(Entries provided)
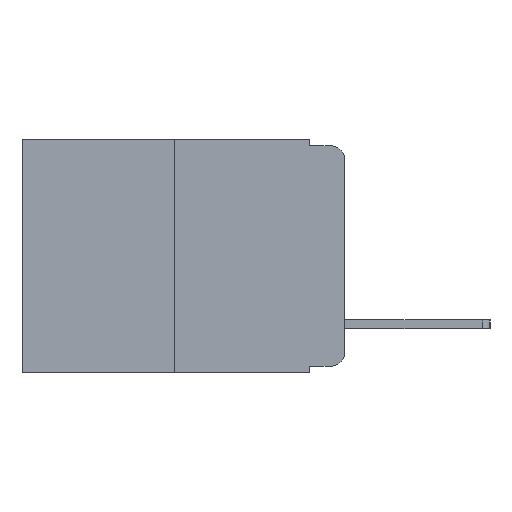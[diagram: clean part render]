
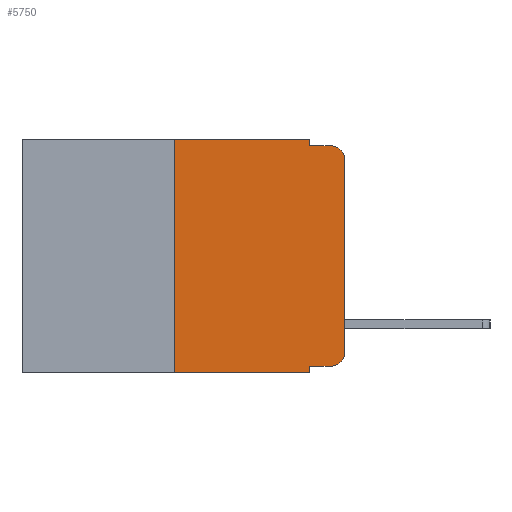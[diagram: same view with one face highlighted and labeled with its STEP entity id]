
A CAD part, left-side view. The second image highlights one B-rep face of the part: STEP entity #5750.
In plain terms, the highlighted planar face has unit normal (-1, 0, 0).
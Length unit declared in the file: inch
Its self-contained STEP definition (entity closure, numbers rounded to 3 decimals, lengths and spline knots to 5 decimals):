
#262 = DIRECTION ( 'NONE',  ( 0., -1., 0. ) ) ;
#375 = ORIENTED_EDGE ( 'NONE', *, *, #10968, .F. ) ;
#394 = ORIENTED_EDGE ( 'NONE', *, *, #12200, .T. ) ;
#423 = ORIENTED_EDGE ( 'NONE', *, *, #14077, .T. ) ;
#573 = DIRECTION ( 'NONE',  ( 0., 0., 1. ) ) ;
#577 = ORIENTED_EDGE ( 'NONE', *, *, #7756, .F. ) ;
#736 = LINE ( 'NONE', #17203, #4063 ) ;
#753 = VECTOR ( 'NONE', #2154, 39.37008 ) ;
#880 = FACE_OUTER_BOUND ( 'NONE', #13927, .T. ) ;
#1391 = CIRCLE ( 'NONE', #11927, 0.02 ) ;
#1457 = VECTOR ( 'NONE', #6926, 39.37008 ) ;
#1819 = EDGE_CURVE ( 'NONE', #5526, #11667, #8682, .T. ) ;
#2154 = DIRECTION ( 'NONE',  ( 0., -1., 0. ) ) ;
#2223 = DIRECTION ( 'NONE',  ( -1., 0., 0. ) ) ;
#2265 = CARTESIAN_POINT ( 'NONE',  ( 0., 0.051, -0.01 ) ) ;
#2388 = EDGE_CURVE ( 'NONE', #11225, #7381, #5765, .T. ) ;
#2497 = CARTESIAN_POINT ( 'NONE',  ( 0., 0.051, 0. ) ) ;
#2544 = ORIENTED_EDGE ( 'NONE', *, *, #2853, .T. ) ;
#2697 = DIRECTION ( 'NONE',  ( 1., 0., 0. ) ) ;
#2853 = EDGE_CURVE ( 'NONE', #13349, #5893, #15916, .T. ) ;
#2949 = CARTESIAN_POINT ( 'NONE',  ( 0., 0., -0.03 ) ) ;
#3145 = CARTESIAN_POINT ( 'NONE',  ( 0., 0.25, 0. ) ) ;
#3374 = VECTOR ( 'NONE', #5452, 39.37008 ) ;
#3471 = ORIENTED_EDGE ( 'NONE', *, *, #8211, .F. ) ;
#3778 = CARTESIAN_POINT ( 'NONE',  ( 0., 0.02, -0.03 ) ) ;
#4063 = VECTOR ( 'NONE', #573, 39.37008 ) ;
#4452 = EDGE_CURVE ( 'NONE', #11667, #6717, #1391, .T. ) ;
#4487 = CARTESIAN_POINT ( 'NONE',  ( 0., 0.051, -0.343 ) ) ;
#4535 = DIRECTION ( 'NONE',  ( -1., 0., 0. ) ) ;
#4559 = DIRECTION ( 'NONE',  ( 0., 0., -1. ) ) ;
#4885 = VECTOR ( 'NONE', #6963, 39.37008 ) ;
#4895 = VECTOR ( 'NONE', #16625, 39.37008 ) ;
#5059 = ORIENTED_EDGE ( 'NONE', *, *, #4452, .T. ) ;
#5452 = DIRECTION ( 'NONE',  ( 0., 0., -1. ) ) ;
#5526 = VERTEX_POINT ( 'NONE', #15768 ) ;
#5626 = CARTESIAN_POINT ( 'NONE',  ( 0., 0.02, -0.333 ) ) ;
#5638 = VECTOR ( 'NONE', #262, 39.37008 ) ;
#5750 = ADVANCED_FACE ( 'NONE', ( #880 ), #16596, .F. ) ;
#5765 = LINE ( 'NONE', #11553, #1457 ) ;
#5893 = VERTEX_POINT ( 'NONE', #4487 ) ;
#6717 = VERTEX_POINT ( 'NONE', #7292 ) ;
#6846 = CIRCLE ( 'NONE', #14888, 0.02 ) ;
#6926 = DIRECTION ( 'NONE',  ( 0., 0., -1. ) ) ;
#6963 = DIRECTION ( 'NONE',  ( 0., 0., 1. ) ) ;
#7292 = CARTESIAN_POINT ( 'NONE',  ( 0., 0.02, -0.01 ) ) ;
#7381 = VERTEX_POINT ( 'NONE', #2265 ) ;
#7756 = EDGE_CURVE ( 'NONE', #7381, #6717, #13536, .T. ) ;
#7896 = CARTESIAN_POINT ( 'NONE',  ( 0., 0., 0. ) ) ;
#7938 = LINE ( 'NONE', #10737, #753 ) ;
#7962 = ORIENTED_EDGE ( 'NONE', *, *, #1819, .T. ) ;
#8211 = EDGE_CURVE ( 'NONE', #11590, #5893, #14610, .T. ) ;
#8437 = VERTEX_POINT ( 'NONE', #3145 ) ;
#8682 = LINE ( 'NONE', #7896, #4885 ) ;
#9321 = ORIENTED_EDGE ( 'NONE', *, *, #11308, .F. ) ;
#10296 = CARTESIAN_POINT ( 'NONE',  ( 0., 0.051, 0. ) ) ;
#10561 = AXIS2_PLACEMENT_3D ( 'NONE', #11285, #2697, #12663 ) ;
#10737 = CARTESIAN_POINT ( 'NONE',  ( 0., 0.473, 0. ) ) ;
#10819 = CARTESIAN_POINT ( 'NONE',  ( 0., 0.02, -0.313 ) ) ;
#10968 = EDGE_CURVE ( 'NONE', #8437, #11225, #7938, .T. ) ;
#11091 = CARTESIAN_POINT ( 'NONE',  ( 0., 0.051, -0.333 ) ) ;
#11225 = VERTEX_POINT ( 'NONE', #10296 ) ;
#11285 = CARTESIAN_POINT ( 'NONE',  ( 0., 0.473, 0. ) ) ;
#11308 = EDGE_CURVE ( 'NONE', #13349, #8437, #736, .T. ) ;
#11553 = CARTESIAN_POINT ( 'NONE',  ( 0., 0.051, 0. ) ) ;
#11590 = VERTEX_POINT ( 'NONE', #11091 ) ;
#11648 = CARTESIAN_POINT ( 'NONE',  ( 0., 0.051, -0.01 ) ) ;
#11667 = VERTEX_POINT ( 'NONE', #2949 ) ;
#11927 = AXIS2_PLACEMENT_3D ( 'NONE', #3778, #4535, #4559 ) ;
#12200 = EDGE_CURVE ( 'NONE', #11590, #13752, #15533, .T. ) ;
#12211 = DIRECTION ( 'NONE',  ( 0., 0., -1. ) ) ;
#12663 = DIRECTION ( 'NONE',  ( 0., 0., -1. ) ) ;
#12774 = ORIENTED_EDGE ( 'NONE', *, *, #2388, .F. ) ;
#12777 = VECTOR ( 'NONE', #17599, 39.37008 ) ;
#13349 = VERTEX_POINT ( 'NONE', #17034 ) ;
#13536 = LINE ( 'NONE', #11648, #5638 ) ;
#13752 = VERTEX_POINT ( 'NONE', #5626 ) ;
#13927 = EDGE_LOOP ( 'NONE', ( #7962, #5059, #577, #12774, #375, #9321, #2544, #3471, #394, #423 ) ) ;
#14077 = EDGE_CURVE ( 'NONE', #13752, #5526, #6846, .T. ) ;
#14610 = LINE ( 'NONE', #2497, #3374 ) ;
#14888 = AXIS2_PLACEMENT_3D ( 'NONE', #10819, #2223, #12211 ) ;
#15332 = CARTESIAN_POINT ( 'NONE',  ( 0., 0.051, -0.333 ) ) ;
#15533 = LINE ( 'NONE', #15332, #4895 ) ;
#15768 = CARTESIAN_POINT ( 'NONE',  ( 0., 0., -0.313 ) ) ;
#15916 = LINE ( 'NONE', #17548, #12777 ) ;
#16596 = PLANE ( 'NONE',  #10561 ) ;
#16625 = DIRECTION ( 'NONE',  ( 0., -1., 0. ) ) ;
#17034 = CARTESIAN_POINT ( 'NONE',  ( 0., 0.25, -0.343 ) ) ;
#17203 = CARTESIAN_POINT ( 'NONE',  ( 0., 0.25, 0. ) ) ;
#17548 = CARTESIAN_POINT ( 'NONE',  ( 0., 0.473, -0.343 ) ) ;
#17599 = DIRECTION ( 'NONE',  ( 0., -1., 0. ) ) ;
(End Entries provided)
▶ [Requirement]: Reproduce only the lines above, starting at the line with "#375 = ORIENTED_EDGE" and ending at the line with "#753 = VECTOR ( 'NONE', #2154, 39.37008 ) ;", exactly as written.

▶ [Written reply]:
#375 = ORIENTED_EDGE ( 'NONE', *, *, #10968, .F. ) ;
#394 = ORIENTED_EDGE ( 'NONE', *, *, #12200, .T. ) ;
#423 = ORIENTED_EDGE ( 'NONE', *, *, #14077, .T. ) ;
#573 = DIRECTION ( 'NONE',  ( 0., 0., 1. ) ) ;
#577 = ORIENTED_EDGE ( 'NONE', *, *, #7756, .F. ) ;
#736 = LINE ( 'NONE', #17203, #4063 ) ;
#753 = VECTOR ( 'NONE', #2154, 39.37008 ) ;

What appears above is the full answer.